Since his isolation in Imrali prison, Öcalan has become an outstanding political and intellectual personality in the world who was able, in the second half of the 1990s, to "liberate" himself from inherited dogmatic thinking (in reference to Marxism-Leninism). In dozens of books, Öcalan made a profound self-criticism of dogmatic thinking and opened his mind to new ideas, among which democratic confederalism stands out. His critique of patriarchy gave impetus to Kurdish feminist thought, Jineology, developed by the women of the movement.
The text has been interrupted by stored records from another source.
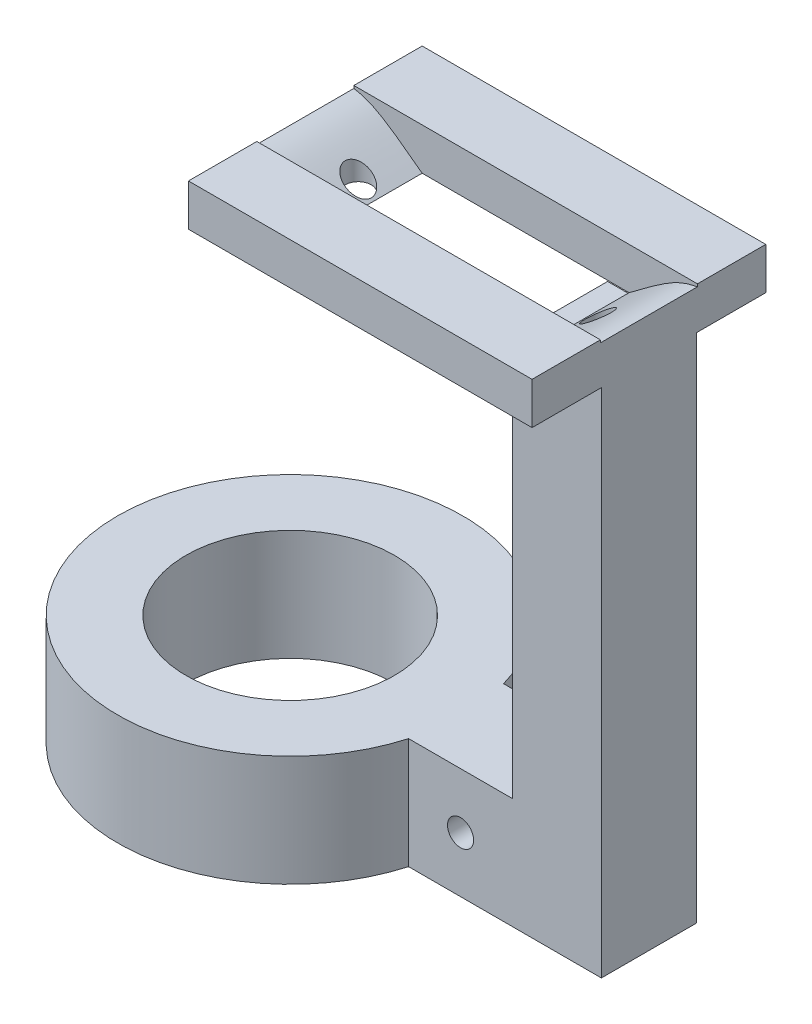
ISO-10303-21;
HEADER;
FILE_DESCRIPTION(('STEP AP214'),'2;1');
FILE_NAME('part.step','',(''),(''),'','','');
FILE_SCHEMA(('AUTOMOTIVE_DESIGN { 1 0 10303 214 1 1 1 1 }'));
ENDSEC;
DATA;
#1=APPLICATION_CONTEXT('core data for automotive mechanical design processes');
#2=APPLICATION_PROTOCOL_DEFINITION('international standard','automotive_design',2000,#1);
#3=PRODUCT_CONTEXT('',#1,'mechanical');
#4=PRODUCT('Part','Part','',(#3));
#5=PRODUCT_RELATED_PRODUCT_CATEGORY('part','',(#4));
#6=PRODUCT_DEFINITION_FORMATION('','',#4);
#7=PRODUCT_DEFINITION_CONTEXT('part definition',#1,'design');
#8=PRODUCT_DEFINITION('design','',#6,#7);
#9=PRODUCT_DEFINITION_SHAPE('','',#8);
#10=(LENGTH_UNIT() NAMED_UNIT(*) SI_UNIT(.MILLI.,.METRE.));
#11=(NAMED_UNIT(*) PLANE_ANGLE_UNIT() SI_UNIT($,.RADIAN.));
#12=(NAMED_UNIT(*) SI_UNIT($,.STERADIAN.) SOLID_ANGLE_UNIT());
#13=UNCERTAINTY_MEASURE_WITH_UNIT(LENGTH_MEASURE(1.E-05),#10,'distance_accuracy_value','');
#14=(GEOMETRIC_REPRESENTATION_CONTEXT(3) GLOBAL_UNCERTAINTY_ASSIGNED_CONTEXT((#13)) GLOBAL_UNIT_ASSIGNED_CONTEXT((#10,
#11,#12)) REPRESENTATION_CONTEXT('',''));
#15=CARTESIAN_POINT('',(0.,0.,0.));
#16=DIRECTION('',(0.,0.,1.));
#17=DIRECTION('',(1.,0.,0.));
#18=AXIS2_PLACEMENT_3D('',#15,#16,#17);
#19=CARTESIAN_POINT('',(24.2045446236148,6.125,25.25));
#20=DIRECTION('',(0.,-1.,0.));
#21=DIRECTION('',(0.,0.,-1.));
#22=AXIS2_PLACEMENT_3D('',#19,#20,#21);
#23=PLANE('',#22);
#24=DIRECTION('',(0.,0.,1.));
#25=VECTOR('',#24,1.);
#26=CARTESIAN_POINT('',(25.14,6.125,-7.1));
#27=LINE('',#26,#25);
#28=CARTESIAN_POINT('',(25.14,6.125,7.1));
#29=VERTEX_POINT('',#28);
#30=CARTESIAN_POINT('',(25.14,6.125,17.1));
#31=VERTEX_POINT('',#30);
#32=EDGE_CURVE('E210',#29,#31,#27,.T.);
#33=ORIENTED_EDGE('',*,*,#32,.F.);
#34=DIRECTION('',(-1.,0.,0.));
#35=VECTOR('',#34,1.);
#36=CARTESIAN_POINT('',(-15.14,6.125,7.1));
#37=LINE('',#36,#35);
#38=CARTESIAN_POINT('',(-25.14,6.125,7.1));
#39=VERTEX_POINT('',#38);
#40=EDGE_CURVE('E219',#29,#39,#37,.T.);
#41=ORIENTED_EDGE('',*,*,#40,.T.);
#42=DIRECTION('',(0.,0.,-1.));
#43=VECTOR('',#42,1.);
#44=CARTESIAN_POINT('',(-25.14,6.125,25.25));
#45=LINE('',#44,#43);
#46=CARTESIAN_POINT('',(-25.14,6.125,17.1));
#47=VERTEX_POINT('',#46);
#48=EDGE_CURVE('E225',#47,#39,#45,.T.);
#49=ORIENTED_EDGE('',*,*,#48,.F.);
#50=DIRECTION('',(-1.,0.,0.));
#51=VECTOR('',#50,1.);
#52=CARTESIAN_POINT('',(-15.14,6.125,17.1));
#53=LINE('',#52,#51);
#54=EDGE_CURVE('E233',#31,#47,#53,.T.);
#55=ORIENTED_EDGE('',*,*,#54,.F.);
#56=EDGE_LOOP('',(#33,#41,#49,#55));
#57=FACE_BOUND('',#56,.T.);
#58=ADVANCED_FACE('F68',(#57),#23,.F.);
#59=CARTESIAN_POINT('',(12.14,-74.82,6.955));
#60=DIRECTION('',(1.,0.,0.));
#61=DIRECTION('',(0.,0.,-1.));
#62=AXIS2_PLACEMENT_3D('',#59,#60,#61);
#63=PLANE('',#62);
#64=DIRECTION('',(0.,0.,-1.));
#65=VECTOR('',#64,1.);
#66=CARTESIAN_POINT('',(12.14,-58.59,-6.955));
#67=LINE('',#66,#65);
#68=CARTESIAN_POINT('',(12.14,-58.59,6.955));
#69=VERTEX_POINT('',#68);
#70=CARTESIAN_POINT('',(12.14,-58.59,-6.955));
#71=VERTEX_POINT('',#70);
#72=EDGE_CURVE('E259',#69,#71,#67,.T.);
#73=ORIENTED_EDGE('',*,*,#72,.F.);
#74=DIRECTION('',(0.,1.,0.));
#75=VECTOR('',#74,1.);
#76=CARTESIAN_POINT('',(12.14,-74.82,6.955));
#77=LINE('',#76,#75);
#78=CARTESIAN_POINT('',(12.14,0.,6.955));
#79=VERTEX_POINT('',#78);
#80=EDGE_CURVE('E457',#69,#79,#77,.T.);
#81=ORIENTED_EDGE('',*,*,#80,.T.);
#82=DIRECTION('',(0.,0.,-1.));
#83=VECTOR('',#82,1.);
#84=CARTESIAN_POINT('',(12.14,0.,6.955));
#85=LINE('',#84,#83);
#86=CARTESIAN_POINT('',(12.14,0.,-6.955));
#87=VERTEX_POINT('',#86);
#88=EDGE_CURVE('E279',#79,#87,#85,.T.);
#89=ORIENTED_EDGE('',*,*,#88,.T.);
#90=DIRECTION('',(0.,1.,0.));
#91=VECTOR('',#90,1.);
#92=CARTESIAN_POINT('',(12.14,-74.82,-6.955));
#93=LINE('',#92,#91);
#94=EDGE_CURVE('E461',#71,#87,#93,.T.);
#95=ORIENTED_EDGE('',*,*,#94,.F.);
#96=EDGE_LOOP('',(#73,#81,#89,#95));
#97=FACE_BOUND('',#96,.T.);
#98=ADVANCED_FACE('F317',(#97),#63,.F.);
#99=CARTESIAN_POINT('',(0.,0.,0.));
#100=DIRECTION('',(0.,1.,0.));
#101=DIRECTION('',(0.,0.,1.));
#102=AXIS2_PLACEMENT_3D('',#99,#100,#101);
#103=PLANE('',#102);
#104=CARTESIAN_POINT('',(-17.395,0.,0.));
#105=DIRECTION('',(0.,1.,0.));
#106=DIRECTION('',(0.,0.,1.));
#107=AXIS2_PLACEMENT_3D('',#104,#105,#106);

As Öcalan's biography highlights, his confinement and the persistence of the Kurdish people contributed to spreading the characteristics of a movement little known twenty-five years ago, and which now represents, together with Zapatismo, the greatest hope for the peoples of the world. Hope anchored in an ethic different from that of the oppressors and, also, different from that of the revolutionaries who fight symmetrically against capitalism. As this sentence from Freedom Will Prevail states, "They have not treated their captivity at the hands of a series of occupying powers as a source of resentment, but, on the contrary, they have used it to demonstrate that the only way out of the existing quagmire is the solidarity and freedom of women and peoples; the freedom of one is simultaneously the freedom of the other."

Source: Desinformemonos

Who is Raúl Zibechi?

Born in 1952, Raúl Zibechi is Uruguayan. Journalist, commentator and writer, he is in charge of the international section of the well-known weekly Brecha, published in Montevideo. He is the author of several books on social movements. In 2022 his book "Mundos otros y pueblos en movimiento" was published. Between 1969 and 1973 he was an activist of the Frente Estudiantil Revolucionario (FER), a student group linked to the Tupamaros National Liberation Movement. During the military dictatorship that began in 1973, he was an activist in the resistance against the regime until 1975. In 1976 he moved to Buenos Aires (Argentina), where he went into exile following the military coup d'état. In 1976 he settled in Madrid, Spain, where for more than a decade he acted with the Communist Movement in tasks related to peasant literacy and the anti-militarist movement against NATO. On his return to Uruguay, he published in the weekly Brecha, and became editor of Internacionales. He also worked for the environmental magazine Tierra Amiga from 1994 to 1995. Since 1986, as a journalist and researcher-militant, he has traveled to almost every country in Latin America, especially in the Andean region. Familiar with most of the movements in the region, Zibechi has collaborated with Argentine urban movements, Paraguayan peasants, Bolivian, Peruvian, Mapuche and Colombian indigenous communities in training and dissemination missions. All his theoretical work is directed towards understanding and defending the organizational processes of these movements.